# Moving to New York



## bro_lin (Jun 13, 2018)

Hello,

I am a recreational road cyclist from Sydney, Australia and I am moving to New York in early August, planning to stay till May next year (10 months total). I'll be living around the Morningside Heights / Harlem area

I am trying to decide whether to bring my bike. Obviously, I want to bring my bike and keep riding, but shipping the bike and kit involves a fair bit of effort and cost and I don't want to go through it if I am not going to have much of an opportunity to ride. 

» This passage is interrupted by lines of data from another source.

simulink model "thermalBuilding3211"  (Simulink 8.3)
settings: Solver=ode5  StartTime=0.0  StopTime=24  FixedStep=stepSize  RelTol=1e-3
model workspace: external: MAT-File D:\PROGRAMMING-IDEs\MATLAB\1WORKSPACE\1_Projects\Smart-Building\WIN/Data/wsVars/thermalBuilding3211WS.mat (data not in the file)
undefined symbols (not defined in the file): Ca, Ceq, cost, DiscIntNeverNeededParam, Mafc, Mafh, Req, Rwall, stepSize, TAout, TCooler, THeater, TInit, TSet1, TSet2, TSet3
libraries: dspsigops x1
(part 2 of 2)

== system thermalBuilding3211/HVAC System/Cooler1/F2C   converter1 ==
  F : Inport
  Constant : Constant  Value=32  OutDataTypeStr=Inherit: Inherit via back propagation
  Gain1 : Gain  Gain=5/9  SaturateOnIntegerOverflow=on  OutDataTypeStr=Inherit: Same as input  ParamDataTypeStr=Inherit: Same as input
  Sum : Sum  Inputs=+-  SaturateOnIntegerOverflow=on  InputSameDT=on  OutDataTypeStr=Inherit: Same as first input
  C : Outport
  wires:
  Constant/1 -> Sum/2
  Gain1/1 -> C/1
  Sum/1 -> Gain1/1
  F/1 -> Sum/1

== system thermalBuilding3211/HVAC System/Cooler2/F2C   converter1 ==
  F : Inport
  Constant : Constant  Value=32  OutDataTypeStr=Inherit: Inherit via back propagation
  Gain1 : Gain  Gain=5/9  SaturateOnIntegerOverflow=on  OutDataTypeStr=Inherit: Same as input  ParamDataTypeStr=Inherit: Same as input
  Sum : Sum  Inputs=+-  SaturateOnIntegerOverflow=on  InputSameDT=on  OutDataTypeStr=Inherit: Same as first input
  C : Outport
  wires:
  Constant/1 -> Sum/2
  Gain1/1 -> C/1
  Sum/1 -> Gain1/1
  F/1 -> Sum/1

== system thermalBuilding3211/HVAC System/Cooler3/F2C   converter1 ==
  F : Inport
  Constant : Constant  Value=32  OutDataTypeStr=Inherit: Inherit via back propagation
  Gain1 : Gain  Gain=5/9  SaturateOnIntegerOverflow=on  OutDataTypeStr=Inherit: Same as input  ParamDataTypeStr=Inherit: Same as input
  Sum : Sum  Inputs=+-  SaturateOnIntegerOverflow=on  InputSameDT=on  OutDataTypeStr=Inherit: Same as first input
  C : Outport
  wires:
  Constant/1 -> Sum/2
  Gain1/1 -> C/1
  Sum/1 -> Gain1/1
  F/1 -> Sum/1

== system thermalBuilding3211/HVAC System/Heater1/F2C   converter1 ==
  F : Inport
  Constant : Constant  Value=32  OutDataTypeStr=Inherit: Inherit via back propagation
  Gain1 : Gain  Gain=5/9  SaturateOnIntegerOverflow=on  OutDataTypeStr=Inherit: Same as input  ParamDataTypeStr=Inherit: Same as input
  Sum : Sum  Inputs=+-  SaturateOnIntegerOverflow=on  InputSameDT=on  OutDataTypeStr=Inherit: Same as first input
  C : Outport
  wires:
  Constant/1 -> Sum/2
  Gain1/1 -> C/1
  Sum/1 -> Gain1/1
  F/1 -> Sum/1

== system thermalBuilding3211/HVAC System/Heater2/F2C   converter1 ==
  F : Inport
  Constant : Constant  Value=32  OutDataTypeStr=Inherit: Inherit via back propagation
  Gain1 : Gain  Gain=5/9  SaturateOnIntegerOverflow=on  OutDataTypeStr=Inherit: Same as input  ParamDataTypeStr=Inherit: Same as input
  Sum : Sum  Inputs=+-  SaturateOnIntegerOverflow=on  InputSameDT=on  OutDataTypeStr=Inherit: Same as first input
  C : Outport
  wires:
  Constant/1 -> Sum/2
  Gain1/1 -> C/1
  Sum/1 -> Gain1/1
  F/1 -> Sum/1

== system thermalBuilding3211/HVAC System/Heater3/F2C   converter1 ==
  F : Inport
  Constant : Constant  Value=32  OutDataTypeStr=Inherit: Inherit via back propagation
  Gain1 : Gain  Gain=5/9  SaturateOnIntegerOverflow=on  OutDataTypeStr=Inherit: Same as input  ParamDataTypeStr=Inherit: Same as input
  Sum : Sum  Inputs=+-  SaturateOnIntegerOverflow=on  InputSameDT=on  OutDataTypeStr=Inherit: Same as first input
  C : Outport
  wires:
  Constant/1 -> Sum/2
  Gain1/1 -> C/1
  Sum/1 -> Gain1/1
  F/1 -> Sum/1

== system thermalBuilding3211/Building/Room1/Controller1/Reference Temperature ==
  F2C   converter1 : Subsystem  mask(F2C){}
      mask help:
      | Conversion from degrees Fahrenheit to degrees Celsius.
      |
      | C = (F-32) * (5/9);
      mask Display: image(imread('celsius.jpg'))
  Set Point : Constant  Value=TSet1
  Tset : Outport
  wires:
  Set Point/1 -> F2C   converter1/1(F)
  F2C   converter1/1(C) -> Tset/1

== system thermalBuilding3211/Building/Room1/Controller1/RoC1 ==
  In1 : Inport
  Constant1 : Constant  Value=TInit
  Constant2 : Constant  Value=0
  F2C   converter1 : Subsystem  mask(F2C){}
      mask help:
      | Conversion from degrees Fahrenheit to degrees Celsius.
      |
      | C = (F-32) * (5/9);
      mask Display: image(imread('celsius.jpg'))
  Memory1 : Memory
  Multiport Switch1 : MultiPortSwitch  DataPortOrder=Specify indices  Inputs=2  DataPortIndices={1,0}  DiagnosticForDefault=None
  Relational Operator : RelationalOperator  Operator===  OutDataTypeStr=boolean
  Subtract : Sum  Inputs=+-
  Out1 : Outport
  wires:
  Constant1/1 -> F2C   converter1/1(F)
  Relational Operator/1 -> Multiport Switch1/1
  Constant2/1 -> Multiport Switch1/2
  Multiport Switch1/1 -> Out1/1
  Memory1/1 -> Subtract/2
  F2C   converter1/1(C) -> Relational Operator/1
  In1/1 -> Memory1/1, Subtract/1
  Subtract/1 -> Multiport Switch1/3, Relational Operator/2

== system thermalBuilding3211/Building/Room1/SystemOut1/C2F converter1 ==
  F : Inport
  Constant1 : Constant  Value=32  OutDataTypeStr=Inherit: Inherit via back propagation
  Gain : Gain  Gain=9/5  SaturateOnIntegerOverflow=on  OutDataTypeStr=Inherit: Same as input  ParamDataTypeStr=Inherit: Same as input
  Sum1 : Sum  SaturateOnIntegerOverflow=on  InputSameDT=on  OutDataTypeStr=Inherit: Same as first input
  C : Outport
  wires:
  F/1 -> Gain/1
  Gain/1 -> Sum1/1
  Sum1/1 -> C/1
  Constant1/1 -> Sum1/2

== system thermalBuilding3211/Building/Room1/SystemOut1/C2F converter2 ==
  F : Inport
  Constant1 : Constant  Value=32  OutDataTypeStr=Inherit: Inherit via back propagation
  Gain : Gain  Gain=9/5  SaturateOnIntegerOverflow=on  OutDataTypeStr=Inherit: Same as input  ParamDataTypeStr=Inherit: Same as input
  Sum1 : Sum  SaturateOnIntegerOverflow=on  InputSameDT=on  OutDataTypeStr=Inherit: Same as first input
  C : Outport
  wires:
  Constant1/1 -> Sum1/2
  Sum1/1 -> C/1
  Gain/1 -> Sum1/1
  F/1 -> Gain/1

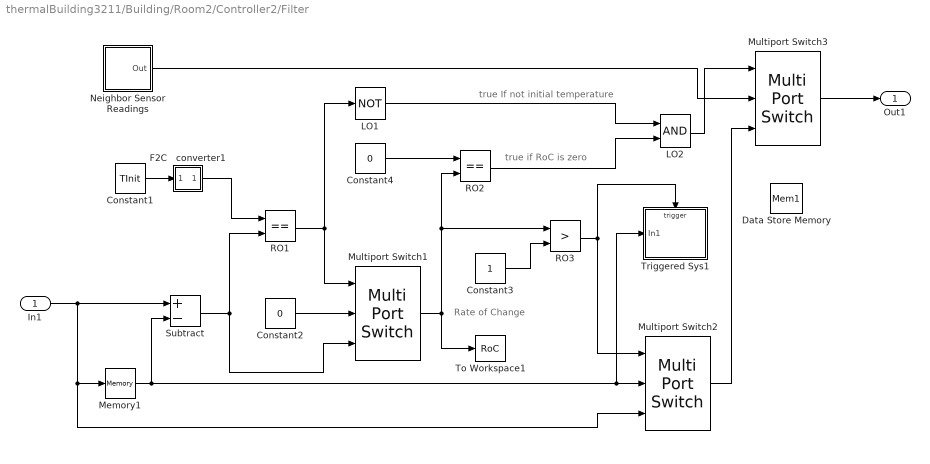
== system thermalBuilding3211/Building/Room2/Controller2/Filter ==
  note: true if RoC is zero
  note: true If not initial temperature
  note: Rate of Change
  In1 : Inport
  Constant1 : Constant  Value=TInit
  Constant2 : Constant  Value=0
  Constant3 : Constant
  Constant4 : Constant  Value=0
  Data Store Memory : DataStoreMemory  DataStoreName=Mem1  ReadBeforeWriteMsg=warning  WriteAfterWriteMsg=warning  WriteAfterReadMsg=warning
  F2C   converter1 : Subsystem  mask(F2C){}
      mask help:
      | Conversion from degrees Fahrenheit to degrees Celsius.
      |
      | C = (F-32) * (5/9);
      mask Display: image(imread('celsius.jpg'))
  LO1 : Logic  Operator=NOT  IconShape=distinctive  AllPortsSameDT=off  OutDataTypeStr=boolean
  LO2 : Logic  AllPortsSameDT=off  OutDataTypeStr=boolean
  Memory1 : Memory
  Multiport Switch1 : MultiPortSwitch  DataPortOrder=Specify indices  Inputs=2  DataPortIndices={1,0}  DiagnosticForDefault=None
  Multiport Switch2 : MultiPortSwitch  DataPortOrder=Specify indices  Inputs=2  DataPortIndices={1,0}  DiagnosticForDefault=None
  Multiport Switch3 : MultiPortSwitch  DataPortOrder=Specify indices  Inputs=2  DataPortIndices={1,0}  DiagnosticForDefault=None
  Neighbor Sensor Readings : Subsystem
  RO1 : RelationalOperator  Operator===  OutDataTypeStr=boolean
  RO2 : RelationalOperator  Operator===  OutDataTypeStr=boolean
  RO3 : RelationalOperator  Operator=>  OutDataTypeStr=boolean
  Subtract : Sum  Inputs=+-
  To Workspace1 : ToWorkspace  VariableName=RoC  SampleTime=-1
  Triggered Sys1 : Subsystem  TreatAsAtomicUnit=on
  Out1 : Outport
  wires:
  Constant1/1 -> F2C   converter1/1(F)
  RO1/1 -> LO1/1, Multiport Switch1/1
  Constant2/1 -> Multiport Switch1/2
  Multiport Switch1/1 -> RO2/2, RO3/1, To Workspace1/1
  RO3/1 -> Multiport Switch2/1, Triggered Sys1/Trigger
  Constant3/1 -> RO3/2
  Multiport Switch2/1 -> Multiport Switch3/3
  Memory1/1 -> Triggered Sys1/1(In1), Multiport Switch2/2, Subtract/2
  F2C   converter1/1(C) -> RO1/1
  In1/1 -> Multiport Switch2/3, Memory1/1, Subtract/1
  Subtract/1 -> RO1/2, Multiport Switch1/3
  LO1/1 -> LO2/1
  LO2/1 -> Multiport Switch3/1
  RO2/1 -> LO2/2
  Constant4/1 -> RO2/1
  Multiport Switch3/1 -> Out1/1
  Neighbor Sensor Readings/1(Out) -> Multiport Switch3/2

== system thermalBuilding3211/Building/Room2/Controller2/Reference Temperature ==
  F2C   converter1 : Subsystem  mask(F2C){}
      mask help:
      | Conversion from degrees Fahrenheit to degrees Celsius.
      |
      | C = (F-32) * (5/9);
      mask Display: image(imread('celsius.jpg'))
  Set Point : Constant  Value=TSet2
  Tset : Outport
  wires:
  Set Point/1 -> F2C   converter1/1(F)
  F2C   converter1/1(C) -> Tset/1

== system thermalBuilding3211/Building/Room2/Controller2/RoC2 ==
  In1 : Inport
  Constant1 : Constant  Value=TInit
  Constant2 : Constant  Value=0
  F2C   converter1 : Subsystem  mask(F2C){}
      mask help:
      | Conversion from degrees Fahrenheit to degrees Celsius.
      |
      | C = (F-32) * (5/9);
      mask Display: image(imread('celsius.jpg'))
  Memory1 : Memory
  Multiport Switch1 : MultiPortSwitch  DataPortOrder=Specify indices  Inputs=2  DataPortIndices={1,0}  DiagnosticForDefault=None
  Relational Operator : RelationalOperator  Operator===  OutDataTypeStr=boolean
  Subtract : Sum  Inputs=+-
  Out1 : Outport
  wires:
  Constant1/1 -> F2C   converter1/1(F)
  Relational Operator/1 -> Multiport Switch1/1
  Constant2/1 -> Multiport Switch1/2
  Multiport Switch1/1 -> Out1/1
  Memory1/1 -> Subtract/2
  F2C   converter1/1(C) -> Relational Operator/1
  In1/1 -> Memory1/1, Subtract/1
  Subtract/1 -> Multiport Switch1/3, Relational Operator/2

== system thermalBuilding3211/Building/Room2/SystemOut2/C2F converter1 ==
  F : Inport
  Constant1 : Constant  Value=32  OutDataTypeStr=Inherit: Inherit via back propagation
  Gain : Gain  Gain=9/5  SaturateOnIntegerOverflow=on  OutDataTypeStr=Inherit: Same as input  ParamDataTypeStr=Inherit: Same as input
  Sum1 : Sum  SaturateOnIntegerOverflow=on  InputSameDT=on  OutDataTypeStr=Inherit: Same as first input
  C : Outport
  wires:
  F/1 -> Gain/1
  Gain/1 -> Sum1/1
  Sum1/1 -> C/1
  Constant1/1 -> Sum1/2

== system thermalBuilding3211/Building/Room2/SystemOut2/C2F converter2 ==
  F : Inport
  Constant1 : Constant  Value=32  OutDataTypeStr=Inherit: Inherit via back propagation
  Gain : Gain  Gain=9/5  SaturateOnIntegerOverflow=on  OutDataTypeStr=Inherit: Same as input  ParamDataTypeStr=Inherit: Same as input
  Sum1 : Sum  SaturateOnIntegerOverflow=on  InputSameDT=on  OutDataTypeStr=Inherit: Same as first input
  C : Outport
  wires:
  Constant1/1 -> Sum1/2
  Sum1/1 -> C/1
  Gain/1 -> Sum1/1
  F/1 -> Gain/1

== system thermalBuilding3211/Building/Room2/Temperature Sensor2/Sample & Hold ==
  In1 : Inport
  In2 : Inport  Port=2
  In3 : Inport  Port=3
  Constant : Constant  Value=0
  LO : Logic  AllPortsSameDT=off  OutDataTypeStr=boolean
  Lower_Bound1 : RelationalOperator  Operator=~=  OutDataTypeStr=boolean
  RO : RelationalOperator  Operator=<  OutDataTypeStr=boolean
  Subtract : Sum  Inputs=-+
  Out1 : Outport
  wires:
  RO/1 -> LO/2
  Constant/1 -> Lower_Bound1/2
  In2/1 -> Subtract/2
  In3/1 -> RO/2
  Lower_Bound1/1 -> LO/1
  Subtract/1 -> RO/1
  In1/1 -> Subtract/1, Lower_Bound1/1
  LO/1 -> Out1/1

== system thermalBuilding3211/Building/Room2/Temperature Sensor2/Save time ==
  trigger : Inport
  time() : Inport  Port=2
  Clock_Count1 : Integrator  ExternalReset=rising  InitialConditionSource=external
  Constant1 : Constant  Value=0
  DTC1 : DataTypeConversion  OutMin=[1]  OutMax=[2]  OutDataTypeStr=double  ConvertRealWorld=Stored Integer (SI)
  t : Outport
  wires:
  time()/1 -> Clock_Count1/3
  Clock_Count1/1 -> DTC1/1
  Constant1/1 -> Clock_Count1/1
  trigger/1 -> Clock_Count1/2
  DTC1/1 -> t/1

== system thermalBuilding3211/Building/Room2/Temperature Sensor2/Single-Sample-Spike ==
  Constant1 : Constant  Value=0
  Memory : Memory
  Multiport Switch1 : MultiPortSwitch  DataPortOrder=Specify indices  Inputs=2  DataPortIndices={1,0}  DiagnosticForDefault=None
  Relational Operator1 : RelationalOperator  Operator=<  OutDataTypeStr=boolean
  Spike Probability : Constant  Value=stepSize*5/10
  Spike magnitude  (Celcius) : Constant  Value=7
  Spike Generator : MATLAB Function  TreatAsAtomicUnit=on
  Out : Outport
  wires:
  Spike Probability/1 -> Spike Generator/2(u2)
  Memory/1 -> Relational Operator1/1
  Spike Generator/1(y) -> Memory/1, Relational Operator1/2, Multiport Switch1/2
  Constant1/1 -> Multiport Switch1/3
  Multiport Switch1/1 -> Out/1
  Spike magnitude  (Celcius)/1 -> Spike Generator/1(u1)
  Relational Operator1/1 -> Multiport Switch1/1

== system thermalBuilding3211/Building/Room2/Temperature Sensor2/Timer ==
  Constant : Constant  Value=1/stepSize
  Constant1 : Constant
  Discrete-Time Integrator : DiscreteIntegrator  SampleTime=stepSize  ICPrevOutput=DiscIntNeverNeededParam  ICPrevScaledInput=DiscIntNeverNeededParam
  Product : Product
  Scope : Scope
  time() : Outport
  wires:
  Discrete-Time Integrator/1 -> Scope/1, Product/1
  Constant1/1 -> Discrete-Time Integrator/1
  Constant/1 -> Product/2
  Product/1 -> time()/1

== system thermalBuilding3211/Building/Room3/Controller3/Reference Temperature ==
  F2C   converter1 : Subsystem  mask(F2C){}
      mask help:
      | Conversion from degrees Fahrenheit to degrees Celsius.
      |
      | C = (F-32) * (5/9);
      mask Display: image(imread('celsius.jpg'))
  Set Point : Constant  Value=TSet3
  Tset : Outport
  wires:
  Set Point/1 -> F2C   converter1/1(F)
  F2C   converter1/1(C) -> Tset/1

== system thermalBuilding3211/Building/Room3/Controller3/RoC3 ==
  In1 : Inport
  Constant1 : Constant  Value=TInit
  Constant2 : Constant  Value=0
  F2C   converter1 : Subsystem  mask(F2C){}
      mask help:
      | Conversion from degrees Fahrenheit to degrees Celsius.
      |
      | C = (F-32) * (5/9);
      mask Display: image(imread('celsius.jpg'))
  Memory1 : Memory
  Multiport Switch1 : MultiPortSwitch  DataPortOrder=Specify indices  Inputs=2  DataPortIndices={1,0}  DiagnosticForDefault=None
  Relational Operator : RelationalOperator  Operator===  OutDataTypeStr=boolean
  Subtract : Sum  Inputs=+-
  Out1 : Outport
  wires:
  Constant1/1 -> F2C   converter1/1(F)
  Relational Operator/1 -> Multiport Switch1/1
  Constant2/1 -> Multiport Switch1/2
  Multiport Switch1/1 -> Out1/1
  Memory1/1 -> Subtract/2
  F2C   converter1/1(C) -> Relational Operator/1
  In1/1 -> Memory1/1, Subtract/1
  Subtract/1 -> Multiport Switch1/3, Relational Operator/2

== system thermalBuilding3211/Building/Room1/Controller1/Reference Temperature/F2C   converter1 ==
  F : Inport
  Constant : Constant  Value=32  OutDataTypeStr=Inherit: Inherit via back propagation
  Gain1 : Gain  Gain=5/9  SaturateOnIntegerOverflow=on  OutDataTypeStr=Inherit: Same as input  ParamDataTypeStr=Inherit: Same as input
  Sum : Sum  Inputs=+-  SaturateOnIntegerOverflow=on  InputSameDT=on  OutDataTypeStr=Inherit: Same as first input
  C : Outport
  wires:
  Constant/1 -> Sum/2
  Gain1/1 -> C/1
  Sum/1 -> Gain1/1
  F/1 -> Sum/1

== system thermalBuilding3211/Building/Room1/Controller1/RoC1/F2C   converter1 ==
  F : Inport
  Constant : Constant  Value=32  OutDataTypeStr=Inherit: Inherit via back propagation
  Gain1 : Gain  Gain=5/9  SaturateOnIntegerOverflow=on  OutDataTypeStr=Inherit: Same as input  ParamDataTypeStr=Inherit: Same as input
  Sum : Sum  Inputs=+-  SaturateOnIntegerOverflow=on  InputSameDT=on  OutDataTypeStr=Inherit: Same as first input
  C : Outport
  wires:
  Constant/1 -> Sum/2
  Gain1/1 -> C/1
  Sum/1 -> Gain1/1
  F/1 -> Sum/1

== system thermalBuilding3211/Building/Room2/Controller2/Filter/F2C   converter1 ==
  F : Inport
  Constant : Constant  Value=32  OutDataTypeStr=Inherit: Inherit via back propagation
  Gain1 : Gain  Gain=5/9  SaturateOnIntegerOverflow=on  OutDataTypeStr=Inherit: Same as input  ParamDataTypeStr=Inherit: Same as input
  Sum : Sum  Inputs=+-  SaturateOnIntegerOverflow=on  InputSameDT=on  OutDataTypeStr=Inherit: Same as first input
  C : Outport
  wires:
  Constant/1 -> Sum/2
  Gain1/1 -> C/1
  Sum/1 -> Gain1/1
  F/1 -> Sum/1

== system thermalBuilding3211/Building/Room2/Controller2/Filter/Neighbor Sensor Readings ==
  Add : Sum
  C2F converter1 : Subsystem  mask(F2C){}
      mask help:
      | Conversion from degrees Fahrenheit to degrees Celsius.
      |
      | F = C * (9/5) + 32;
      mask Display: image(imread('fahrenheit.jpg'))
  C2F converter2 : Subsystem  mask(F2C){}
      mask help:
      | Conversion from degrees Fahrenheit to degrees Celsius.
      |
      | F = C * (9/5) + 32;
      mask Display: image(imread('fahrenheit.jpg'))
  C2F converter3 : Subsystem  mask(F2C){}
      mask help:
      | Conversion from degrees Fahrenheit to degrees Celsius.
      |
      | F = C * (9/5) + 32;
      mask Display: image(imread('fahrenheit.jpg'))
  Constant1 : Constant  Value=2
  Data Store Read1 : DataStoreRead  DataStoreName=Tr1
  Data Store Read2 : DataStoreRead  DataStoreName=Tr3
  Divide : Product  Inputs=*/
  To Workspace : ToWorkspace  VariableName=Tr1  SampleTime=-1
  To Workspace1 : ToWorkspace  VariableName=Tr3  SampleTime=-1
  To Workspace2 : ToWorkspace  VariableName=Tr2  SampleTime=-1
  Out : Outport
  wires:
  Constant1/1 -> Divide/2
  Data Store Read1/1 -> Out/1, Add/1, C2F converter2/1(F)
  Data Store Read2/1 -> C2F converter3/1(F), Add/2
  Add/1 -> Divide/1
  Divide/1 -> C2F converter1/1(F)
  C2F converter1/1(C) -> To Workspace2/1
  C2F converter2/1(C) -> To Workspace/1
  C2F converter3/1(C) -> To Workspace1/1

== system thermalBuilding3211/Building/Room2/Controller2/Filter/Triggered Sys1 ==
  In1 : Inport
  Trigger : TriggerPort
  Data Store Write : DataStoreWrite  DialogController=Simulink.DDGSource  DataStoreName=Mem1
  To Workspace1 : ToWorkspace  VariableName=Mem1  SampleTime=-1
  wires:
  In1/1 -> Data Store Write/1, To Workspace1/1

== system thermalBuilding3211/Building/Room2/Controller2/Reference Temperature/F2C   converter1 ==
  F : Inport
  Constant : Constant  Value=32  OutDataTypeStr=Inherit: Inherit via back propagation
  Gain1 : Gain  Gain=5/9  SaturateOnIntegerOverflow=on  OutDataTypeStr=Inherit: Same as input  ParamDataTypeStr=Inherit: Same as input
  Sum : Sum  Inputs=+-  SaturateOnIntegerOverflow=on  InputSameDT=on  OutDataTypeStr=Inherit: Same as first input
  C : Outport
  wires:
  Constant/1 -> Sum/2
  Gain1/1 -> C/1
  Sum/1 -> Gain1/1
  F/1 -> Sum/1

== system thermalBuilding3211/Building/Room2/Controller2/RoC2/F2C   converter1 ==
  F : Inport
  Constant : Constant  Value=32  OutDataTypeStr=Inherit: Inherit via back propagation
  Gain1 : Gain  Gain=5/9  SaturateOnIntegerOverflow=on  OutDataTypeStr=Inherit: Same as input  ParamDataTypeStr=Inherit: Same as input
  Sum : Sum  Inputs=+-  SaturateOnIntegerOverflow=on  InputSameDT=on  OutDataTypeStr=Inherit: Same as first input
  C : Outport
  wires:
  Constant/1 -> Sum/2
  Gain1/1 -> C/1
  Sum/1 -> Gain1/1
  F/1 -> Sum/1

== system thermalBuilding3211/Building/Room3/Controller3/Reference Temperature/F2C   converter1 ==
  F : Inport
  Constant : Constant  Value=32  OutDataTypeStr=Inherit: Inherit via back propagation
  Gain1 : Gain  Gain=5/9  SaturateOnIntegerOverflow=on  OutDataTypeStr=Inherit: Same as input  ParamDataTypeStr=Inherit: Same as input
  Sum : Sum  Inputs=+-  SaturateOnIntegerOverflow=on  InputSameDT=on  OutDataTypeStr=Inherit: Same as first input
  C : Outport
  wires:
  Constant/1 -> Sum/2
  Gain1/1 -> C/1
  Sum/1 -> Gain1/1
  F/1 -> Sum/1

== system thermalBuilding3211/Building/Room3/Controller3/RoC3/F2C   converter1 ==
  F : Inport
  Constant : Constant  Value=32  OutDataTypeStr=Inherit: Inherit via back propagation
  Gain1 : Gain  Gain=5/9  SaturateOnIntegerOverflow=on  OutDataTypeStr=Inherit: Same as input  ParamDataTypeStr=Inherit: Same as input
  Sum : Sum  Inputs=+-  SaturateOnIntegerOverflow=on  InputSameDT=on  OutDataTypeStr=Inherit: Same as first input
  C : Outport
  wires:
  Constant/1 -> Sum/2
  Gain1/1 -> C/1
  Sum/1 -> Gain1/1
  F/1 -> Sum/1

== system thermalBuilding3211/Building/Room2/Controller2/Filter/Neighbor Sensor Readings/C2F converter1 ==
  F : Inport
  Constant1 : Constant  Value=32  OutDataTypeStr=Inherit: Inherit via back propagation
  Gain : Gain  Gain=9/5  SaturateOnIntegerOverflow=on  OutDataTypeStr=Inherit: Same as input  ParamDataTypeStr=Inherit: Same as input
  Sum1 : Sum  SaturateOnIntegerOverflow=on  InputSameDT=on  OutDataTypeStr=Inherit: Same as first input
  C : Outport
  wires:
  F/1 -> Gain/1
  Gain/1 -> Sum1/1
  Sum1/1 -> C/1
  Constant1/1 -> Sum1/2

== system thermalBuilding3211/Building/Room2/Controller2/Filter/Neighbor Sensor Readings/C2F converter2 ==
  F : Inport
  Constant1 : Constant  Value=32  OutDataTypeStr=Inherit: Inherit via back propagation
  Gain : Gain  Gain=9/5  SaturateOnIntegerOverflow=on  OutDataTypeStr=Inherit: Same as input  ParamDataTypeStr=Inherit: Same as input
  Sum1 : Sum  SaturateOnIntegerOverflow=on  InputSameDT=on  OutDataTypeStr=Inherit: Same as first input
  C : Outport
  wires:
  Constant1/1 -> Sum1/2
  Sum1/1 -> C/1
  Gain/1 -> Sum1/1
  F/1 -> Gain/1

== system thermalBuilding3211/Building/Room2/Controller2/Filter/Neighbor Sensor Readings/C2F converter3 ==
  F : Inport
  Constant1 : Constant  Value=32  OutDataTypeStr=Inherit: Inherit via back propagation
  Gain : Gain  Gain=9/5  SaturateOnIntegerOverflow=on  OutDataTypeStr=Inherit: Same as input  ParamDataTypeStr=Inherit: Same as input
  Sum1 : Sum  SaturateOnIntegerOverflow=on  InputSameDT=on  OutDataTypeStr=Inherit: Same as first input
  C : Outport
  wires:
  F/1 -> Gain/1
  Gain/1 -> Sum1/1
  Sum1/1 -> C/1
  Constant1/1 -> Sum1/2

== matlab function Building/Room2/Temperature Sensor2/Single-Sample-Spike/Spike Generator ==
  data: u1 input double; y output double; u2 input double
function y = fcn(u1, u2)
%#codegen
coder.extrinsic('datasample');
coder.extrinsic('randsample');
% initialize y
y = 0;
% sampling
a = datasample([0 u1], 1, 'Weights', [1-u2 u2]);
b = randsample([0 u1], 1, true, [1-u2 u2]);
y = b;

end

I was wondering if anyone could tell me how much of a road cycling scene there is in New York, particularly in winter? Do people actually ride outside in the winter months or are they on the rollers? I would have thought it is too cold, wet and unsafe? In Sydney I typically do group rides and interval training during the week of 22-25 miles each, and long group rides between 60 and 75 miles on the weekend. Is this kind of riding possible in New York? Is there anywhere nearby to do interval training at pace? I've heard people say it can take 30 minutes just to get out of the city and start riding properly. Is that true? 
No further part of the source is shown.